Originally Published: April 30, 2020

In the new Yale Review, Stephanie Burt looks at the book-length poem, and four of those published in 2019 that she can count as favorite poetry books: Fred Moten’s All That Beauty, Emmalea Russo’s Wave Archive, Rosalie Moffet’s Nervous System, and Hannah Sullivan’s Three Poems. "None feels like a methodically rigorous Project," writes Burt. More:

…And none feels like a collection of stand-alone poems, either. Rather, they use length as an aesthetic device: their continuity, their ongoingness, shows how the people, things, feelings they depict remain intertwined, open-ended, hard to resolve. Because they can take the time to show you how to read them, they depend less than brief lyric poems do on conventions you’re likely to understand coming in. They have room to digress: they have space to double back, and even to string you along. Taken together, these books show how disparate strategies for writing a long poem—or creating collections made of long poems—can preserve a sense of surprise in the middle, yet hold a book together, beginning to end.

***

How would it feel to enter the world not as someone who wants to control and to understand it, but as someone who sets out to improvise, to collaborate, to play? How would we know when a poem could end?

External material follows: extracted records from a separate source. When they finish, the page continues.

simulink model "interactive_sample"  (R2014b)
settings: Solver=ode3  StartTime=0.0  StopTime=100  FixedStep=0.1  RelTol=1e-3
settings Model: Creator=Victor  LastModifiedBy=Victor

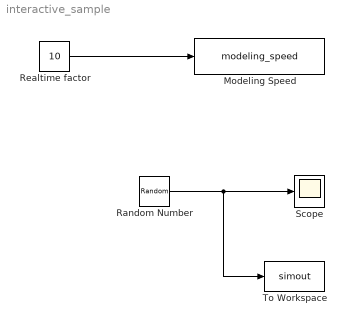
== system interactive_sample ==
  Modeling Speed : S-Function  FunctionName=modeling_speed  EnableBusSupport=off
  Random Number : RandomNumber  Variance=10  SampleTime=0.1
  Realtime factor : Constant  Value=10
  Scope : Scope
      settings: TimeRange=30  YMin=-2.5  YMax=2.5  MaxDataPoints=50000
  To Workspace : ToWorkspace  VariableName=simout  SampleTime=-1
  wires:
  Random Number/1 -> To Workspace/1, Scope/1
  Realtime factor/1 -> Modeling Speed/1
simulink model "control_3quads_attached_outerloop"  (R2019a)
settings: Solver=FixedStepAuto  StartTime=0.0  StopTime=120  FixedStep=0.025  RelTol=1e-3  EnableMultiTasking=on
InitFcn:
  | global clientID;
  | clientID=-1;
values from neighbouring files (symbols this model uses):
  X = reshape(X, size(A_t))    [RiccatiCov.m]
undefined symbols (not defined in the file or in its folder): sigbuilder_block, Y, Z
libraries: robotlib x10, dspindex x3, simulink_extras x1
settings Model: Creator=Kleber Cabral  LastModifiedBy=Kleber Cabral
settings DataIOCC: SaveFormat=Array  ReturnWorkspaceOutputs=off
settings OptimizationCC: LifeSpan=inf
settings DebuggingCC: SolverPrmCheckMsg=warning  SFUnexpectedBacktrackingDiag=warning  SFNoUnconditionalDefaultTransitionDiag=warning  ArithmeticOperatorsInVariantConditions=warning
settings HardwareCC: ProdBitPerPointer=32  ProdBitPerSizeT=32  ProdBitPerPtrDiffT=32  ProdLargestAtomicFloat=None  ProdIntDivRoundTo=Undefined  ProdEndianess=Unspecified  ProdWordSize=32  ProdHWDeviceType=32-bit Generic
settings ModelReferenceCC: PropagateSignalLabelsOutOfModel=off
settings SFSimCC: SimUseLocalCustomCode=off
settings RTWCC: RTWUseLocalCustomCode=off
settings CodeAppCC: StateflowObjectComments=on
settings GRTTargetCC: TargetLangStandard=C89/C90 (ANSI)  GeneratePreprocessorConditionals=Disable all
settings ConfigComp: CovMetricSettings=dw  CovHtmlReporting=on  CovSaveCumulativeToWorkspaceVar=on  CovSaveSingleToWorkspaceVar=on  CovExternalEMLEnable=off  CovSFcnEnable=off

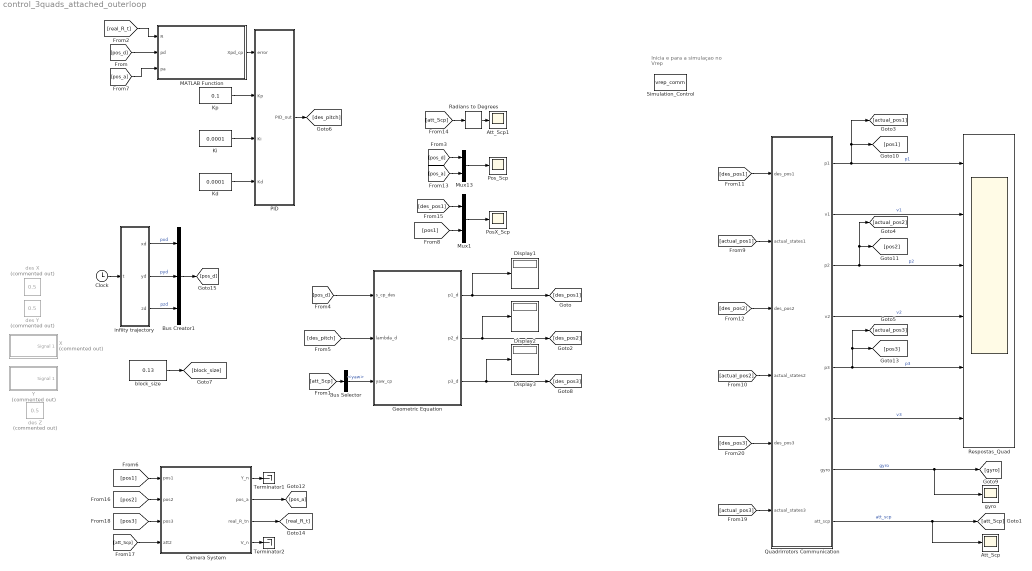
== system control_3quads_attached_outerloop ==
  note: Inicia e para a simulaçao no Vrep
  Att_Scp : Scope
  Att_Scp1 : Scope
  Bus Creator1 : BusCreator  Inputs=3
  Bus Selector : BusSelector  OutputSignals=yaw
  Camera System : Subsystem
  Clock : Clock
  Display1 : Display
      settings: Decimation=3
  Display2 : Display
      settings: Decimation=3
  Display3 : Display
      settings: Decimation=3
  Geometric Equation : MATLAB Function  TreatAsAtomicUnit=on
  Kd : Constant  Value=0.0001
  Ki : Constant  Value=0.0001
  Kp : Constant  Value=0.1
  MATLAB Function : MATLAB Function  TreatAsAtomicUnit=on
  Mux1 : Mux  Inputs=2
  Mux13 : Mux  Inputs=2
  PID : Subsystem
  PosX_Scp : Scope
  Pos_Scp : Scope
  Quadrirrotors Communication : Subsystem
  Radians to Degrees : simulink_extras/Transformations/Radians to Degrees
  Respostas_Quad : Scope  NumInputPorts=6
  Simulation_Control : S-Function  FunctionName=vrep_comm  SFunctionDeploymentMode=off  EnableBusSupport=off
  Terminator1 : Terminator
  Terminator2 : Terminator
  X : Subsystem  Tag=STV Subsys  Commented=on  LoadFcn=sigbuilder_block('load');  StartFcn=sigbuilder_block('start');  StopFcn=sigbuilder_block('stop');  ClipboardFcn=sigbuilder_block('clipboard');  mask(Sigbuilder block){tuvar=[0:10]}
      mask help: Simulink:masks:SigbuilderBlock_MD
      mask init:
      | if ~strcmp(get_param(bdroot(gcbh),'SimulationStatus'),'stopped') tuvar = sigbuilder_block('maskInit'); end
      settings: CopyFcn=sigbuilder_block('copy');  DeleteFcn=sigbuilder_block('delete');  ModelCloseFcn=sigbuilder_block('modelClose');  PreSaveFcn=sigbuilder_block('preSave');  PauseFcn=sigbuilder_block('pause');  ContinueFcn=sigbuilder_block('continue');  NameChangeFcn=sigbuilder_block('namechange');  OpenFcn=sigbuilder_block('open',[46.5 0 1393.5 843 ]);  CloseFcn=sigbuilder_block('close');
      mask Display: plot(0, 0, 100, 100,[2, 2, 32, 32, 2], [68, 8, 8, 68, 68],[32, 2], [38, 38], [32, 19, 2],[53, 60, 44], [32, 17, 17, 2],[16, 16, 31, 31]);txt = getActiveGroup(gcbh);text(2, 100, txt,'verticalAlignment', 'top');
  Y : Subsystem  Tag=STV Subsys  Commented=on  LoadFcn=sigbuilder_block('load');  StartFcn=sigbuilder_block('start');  StopFcn=sigbuilder_block('stop');  ClipboardFcn=sigbuilder_block('clipboard');  mask(Sigbuilder block){tuvar=[0:10]}
      mask help: Simulink:masks:SigbuilderBlock_MD
      mask init:
      | if ~strcmp(get_param(bdroot(gcbh),'SimulationStatus'),'stopped') tuvar = sigbuilder_block('maskInit'); end
      settings: CopyFcn=sigbuilder_block('copy');  DeleteFcn=sigbuilder_block('delete');  ModelCloseFcn=sigbuilder_block('modelClose');  PreSaveFcn=sigbuilder_block('preSave');  PauseFcn=sigbuilder_block('pause');  ContinueFcn=sigbuilder_block('continue');  NameChangeFcn=sigbuilder_block('namechange');  OpenFcn=sigbuilder_block('open',[40.5 0 1393.5 802.5 ]);  CloseFcn=sigbuilder_block('close');
      mask Display: plot(0, 0, 100, 100,[2, 2, 32, 32, 2], [68, 8, 8, 68, 68],[32, 2], [38, 38], [32, 19, 2],[53, 60, 44], [32, 17, 17, 2],[16, 16, 31, 31]);txt = getActiveGroup(gcbh);text(2, 100, txt,'verticalAlignment', 'top');
  block_size : Constant  Value=0.13
  des X : Constant  Commented=on  Value=0.5
  des Y : Constant  Commented=on  Value=0.5
  des Z : Constant  Commented=on  Value=0.5
  gyro : Scope
  infiity trajectory : MATLAB Function  TreatAsAtomicUnit=on
  wires:
  Kp/1 -> PID/2(Kp)
  Ki/1 -> PID/3(Ki)
  Kd/1 -> PID/4(Kd)
  infiity trajectory/1(xd) -> Bus Creator1/1  "pxd"
  infiity trajectory/2(yd) -> Bus Creator1/2  "pyd"
  infiity trajectory/3(zd) -> Bus Creator1/3  "pzd"
  PID/1(PID_out) -> [des_pitch]
  block_size/1 -> [block_size]
  [des_pitch] -> Geometric Equation/2(lambda_d)
  [att_Scp] -> Bus Selector/1
  [actual_pos1] -> Quadrirrotors Communication/2(actual_states1)
  Quadrirrotors Communication/7(gyro) -> gyro/1, [gyro]  "gyro"
  Quadrirrotors Communication/4(v2) -> Respostas_Quad/4  "v2"
  [des_pos1] -> Quadrirrotors Communication/1(des_pos1)
  [des_pos3] -> Quadrirrotors Communication/5(des_pos3)
  Quadrirrotors Communication/2(v1) -> Respostas_Quad/2  "v1"
  Quadrirrotors Communication/1(p1) -> Respostas_Quad/1, [actual_pos1], [pos1]  "p1"
  [actual_pos3] -> Quadrirrotors Communication/6(actual_states3)
  [des_pos2] -> Quadrirrotors Communication/3(des_pos2)
  Quadrirrotors Communication/3(p2) -> Respostas_Quad/3, [actual_pos2], [pos2]  "p2"
  Quadrirrotors Communication/8(att_scp) -> Att_Scp/1, [att_Scp]  "att_scp"
  Quadrirrotors Communication/5(p3) -> Respostas_Quad/5, [actual_pos3], [pos3]  "p3"
  [actual_pos2] -> Quadrirrotors Communication/4(actual_states2)
  Quadrirrotors Communication/6(v3) -> Respostas_Quad/6  "v3"
  Geometric Equation/1(p1_d) -> Display1/1, [des_pos1]
  Bus Selector/1 -> Geometric Equation/3(yaw_cp)  "<yaw>"
  Geometric Equation/2(p2_d) -> Display2/1, [des_pos2]
  Geometric Equation/3(p3_d) -> Display3/1, [des_pos3]
  [att_Scp] -> Radians to Degrees/1
  Radians to Degrees/1 -> Att_Scp1/1
  [pos_d] -> Mux13/1
  Mux13/1 -> Pos_Scp/1
  [pos_a] -> Mux13/2
  [att_Scp] -> Camera System/4(att2)
  [pos2] -> Camera System/2(pos2)
  Camera System/3(real_R_tn) -> [real_R_t]
  [pos1] -> Camera System/1(pos1)
  [pos3] -> Camera System/3(pos3)
  Camera System/2(pos_a) -> [pos_a]
  Camera System/4(V_n) -> Terminator2/1
  Camera System/1(Y_n) -> Terminator1/1
  Bus Creator1/1 -> [pos_d]
  [pos_d] -> Geometric Equation/1(s_cp_des)
  [pos_d] -> MATLAB Function/2(pd)
  [real_R_t] -> MATLAB Function/1(R)
  MATLAB Function/1(Xpd_cp) -> PID/1(error)
  [pos_a] -> MATLAB Function/3(pa)
  Mux1/1 -> PosX_Scp/1
  [pos1] -> Mux1/2
  [des_pos1] -> Mux1/1
  Clock/1 -> infiity trajectory/1(t)

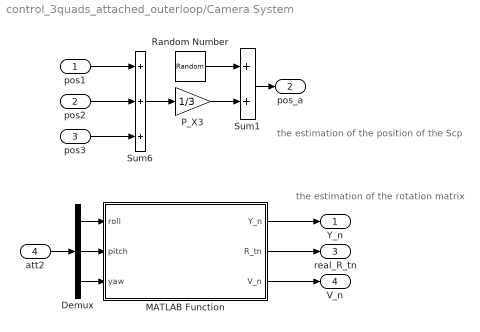
== system control_3quads_attached_outerloop/Camera System ==
  note: the estimation of the rotation matrix
  note: the estimation of the position of the Scp
  pos1 : Inport
  pos2 : Inport  Port=2
  pos3 : Inport  Port=3
  att2 : Inport  Port=4
  Demux : Demux  Outputs=3
  MATLAB Function : MATLAB Function  TreatAsAtomicUnit=on
  P_X3 : Gain  Gain=1/3
  Random Number : RandomNumber  Variance=0.03
  Sum1 : Sum
  Sum6 : Sum  Inputs=+++
  Y_n : Outport
  pos_a : Outport  Port=2
  real_R_tn : Outport  Port=3
  V_n : Outport  Port=4
  wires:
  pos1/1 -> Sum6/1
  pos2/1 -> Sum6/2
  Sum6/1 -> P_X3/1
  Sum1/1 -> pos_a/1
  att2/1 -> Demux/1
  Demux/3 -> MATLAB Function/3(yaw)
  Demux/2 -> MATLAB Function/2(pitch)
  Demux/1 -> MATLAB Function/1(roll)
  MATLAB Function/1(Y_n) -> Y_n/1
  MATLAB Function/2(R_tn) -> real_R_tn/1
  MATLAB Function/3(V_n) -> V_n/1
  pos3/1 -> Sum6/3
  P_X3/1 -> Sum1/2
  Random Number/1 -> Sum1/1

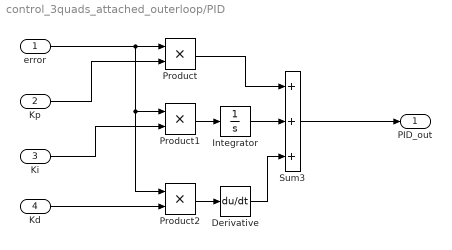
== system control_3quads_attached_outerloop/PID ==
  error : Inport
  Kp : Inport  Port=2
  Ki : Inport  Port=3
  Kd : Inport  Port=4
  Derivative : Derivative
  Integrator : Integrator
  Product : Product
  Product1 : Product
  Product2 : Product
  Sum3 : Sum  Inputs=+++
  PID_out : Outport
  wires:
  Kd/1 -> Product2/2
  Integrator/1 -> Sum3/2
  Product2/1 -> Derivative/1
  error/1 -> Product/1, Product2/1, Product1/1
  Product/1 -> Sum3/1
  Kp/1 -> Product/2
  Sum3/1 -> PID_out/1
  Ki/1 -> Product1/2
  Product1/1 -> Integrator/1
  Derivative/1 -> Sum3/3

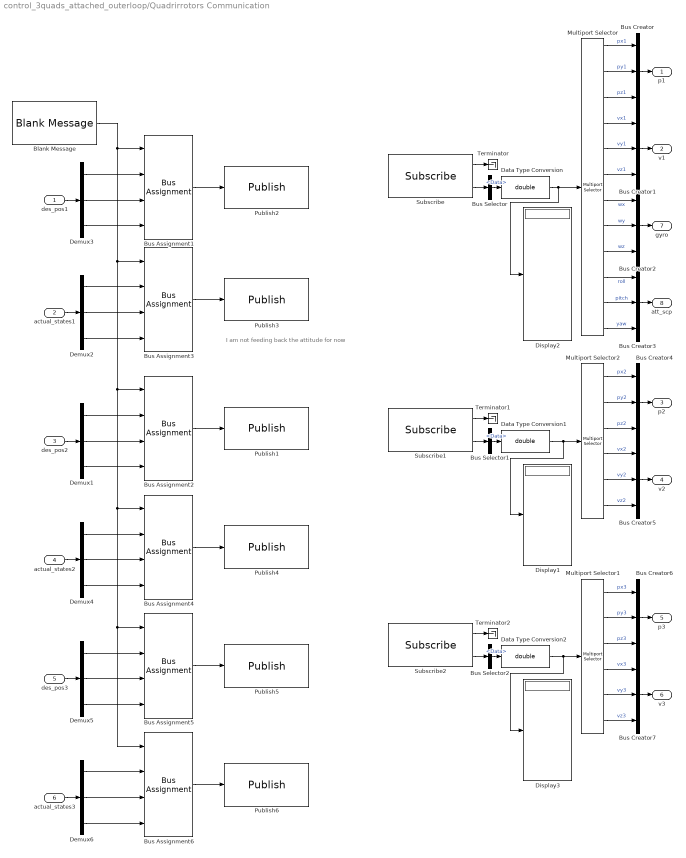
== system control_3quads_attached_outerloop/Quadrirrotors Communication ==
  note: I am not feeding back the attitude for now
  des_pos1 : Inport
  actual_states1 : Inport  Port=2
  des_pos2 : Inport  Port=3
  actual_states2 : Inport  Port=4
  des_pos3 : Inport  Port=5
  actual_states3 : Inport  Port=6
  Blank Message : robotlib/Blank Message  messageClass=Message  entityType=geometry_msgs/Vector3  messageType=geometry_msgs/Vector3  SampleTime=inf
      settings: SourceProductBaseCode=RO
  Bus Assignment{1..6} (6 alike) : BusAssignment  DialogController=Simulink.DDGSource_BusAssignment  AssignedSignals=X,Y,Z
  Bus Creator{,1..7} (8 alike) : BusCreator  Inputs=3
  Bus Selector : BusSelector  OutputSignals=Data
  Bus Selector1 : BusSelector  OutputSignals=Data
  Bus Selector2 : BusSelector  OutputSignals=Data
  Data Type Conversion : DataTypeConversion  OutDataTypeStr=double
  Data Type Conversion1 : DataTypeConversion  OutDataTypeStr=double
  Data Type Conversion2 : DataTypeConversion  OutDataTypeStr=double
  Demux{1..6} (6 alike) : Demux  Outputs=3
  Display1 : Display
      settings: Decimation=3
  Display2 : Display
      settings: Decimation=3
  Display3 : Display
      settings: Decimation=3
  Multiport Selector : dspindex/Multiport Selector  rowsOrCols=Rows  idxCellArray={1,2,3,4,5,6,7,8,9,10,11,12}  idxErrMode=Clip Index
  Multiport Selector1 : dspindex/Multiport Selector  rowsOrCols=Rows  idxCellArray={1,2,3,4,5,6}  idxErrMode=Clip Index
  Multiport Selector2 : dspindex/Multiport Selector  rowsOrCols=Rows  idxCellArray={1,2,3,4,5,6}  idxErrMode=Clip Index
  Publish1 : robotlib/Publish  topicSource=Select from ROS network  topic=/desired_waypoint_1  messageType=geometry_msgs/Vector3  messageQueueLength=105
      settings: SourceProductBaseCode=RO
  Publish2 : robotlib/Publish  topicSource=Select from ROS network  topic=/desired_waypoint_0  messageType=geometry_msgs/Vector3  messageQueueLength=105
      settings: SourceProductBaseCode=RO
  Publish3 : robotlib/Publish  topicSource=Select from ROS network  topic=/actual_states_0  messageType=geometry_msgs/Vector3  messageQueueLength=105
      settings: SourceProductBaseCode=RO
  Publish4 : robotlib/Publish  topicSource=Select from ROS network  topic=/actual_states_1  messageType=geometry_msgs/Vector3  messageQueueLength=105
      settings: SourceProductBaseCode=RO
  Publish5 : robotlib/Publish  topicSource=Select from ROS network  topic=/desired_waypoint_2  messageType=geometry_msgs/Vector3  messageQueueLength=105
      settings: SourceProductBaseCode=RO
  Publish6 : robotlib/Publish  topicSource=Select from ROS network  topic=/actual_states_2  messageType=geometry_msgs/Vector3  messageQueueLength=105
      settings: SourceProductBaseCode=RO
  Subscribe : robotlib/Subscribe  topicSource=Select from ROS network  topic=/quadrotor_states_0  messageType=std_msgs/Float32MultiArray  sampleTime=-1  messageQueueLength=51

As with most of Fred Moten’s earlier volumes, All That Beauty comprises sequences, in a roller-coaster of prose and occasionally verse, incorporating quotations, riffs, echoes, and bits of literary and cultural theory in (to use Moten’s own terms) a Black Radical tradition. Moten usually jettisons such familiar standards of prose (and of pre-modernist verse) as consecutive argument, concrete reference, and consistency of voice. Instead, he has style, distinctive sounds, and a way of being—Moten might say a “resistance”—that goes along with them...

Read on at Yale Review.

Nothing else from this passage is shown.